- **DATA EXTRACTS**
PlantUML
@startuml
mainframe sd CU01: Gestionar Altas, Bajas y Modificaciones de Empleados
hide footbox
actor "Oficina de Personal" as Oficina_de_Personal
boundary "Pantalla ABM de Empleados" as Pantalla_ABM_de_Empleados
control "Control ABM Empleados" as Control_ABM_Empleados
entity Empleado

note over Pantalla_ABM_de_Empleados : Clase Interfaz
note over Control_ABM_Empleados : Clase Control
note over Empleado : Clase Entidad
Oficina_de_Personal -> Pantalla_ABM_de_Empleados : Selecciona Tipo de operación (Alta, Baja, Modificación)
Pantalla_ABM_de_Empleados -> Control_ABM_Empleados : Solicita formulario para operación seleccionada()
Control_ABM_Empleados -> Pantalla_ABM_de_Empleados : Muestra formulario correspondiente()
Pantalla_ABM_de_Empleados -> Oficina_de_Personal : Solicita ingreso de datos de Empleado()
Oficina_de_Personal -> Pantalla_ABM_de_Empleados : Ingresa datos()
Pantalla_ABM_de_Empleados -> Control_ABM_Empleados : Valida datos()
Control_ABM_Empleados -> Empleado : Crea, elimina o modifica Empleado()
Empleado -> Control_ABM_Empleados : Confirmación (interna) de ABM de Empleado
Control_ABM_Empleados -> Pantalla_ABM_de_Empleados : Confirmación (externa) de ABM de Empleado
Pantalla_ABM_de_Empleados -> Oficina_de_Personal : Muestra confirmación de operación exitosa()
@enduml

- **WORK REQUEST**
Filter the records for the string "operación" and copy every line that holds it.

- **ANSWER TO THE PROBLEM**
Oficina_de_Personal -> Pantalla_ABM_de_Empleados : Selecciona Tipo de operación (Alta, Baja, Modificación)
Pantalla_ABM_de_Empleados -> Control_ABM_Empleados : Solicita formulario para operación seleccionada()
Pantalla_ABM_de_Empleados -> Oficina_de_Personal : Muestra confirmación de operación exitosa()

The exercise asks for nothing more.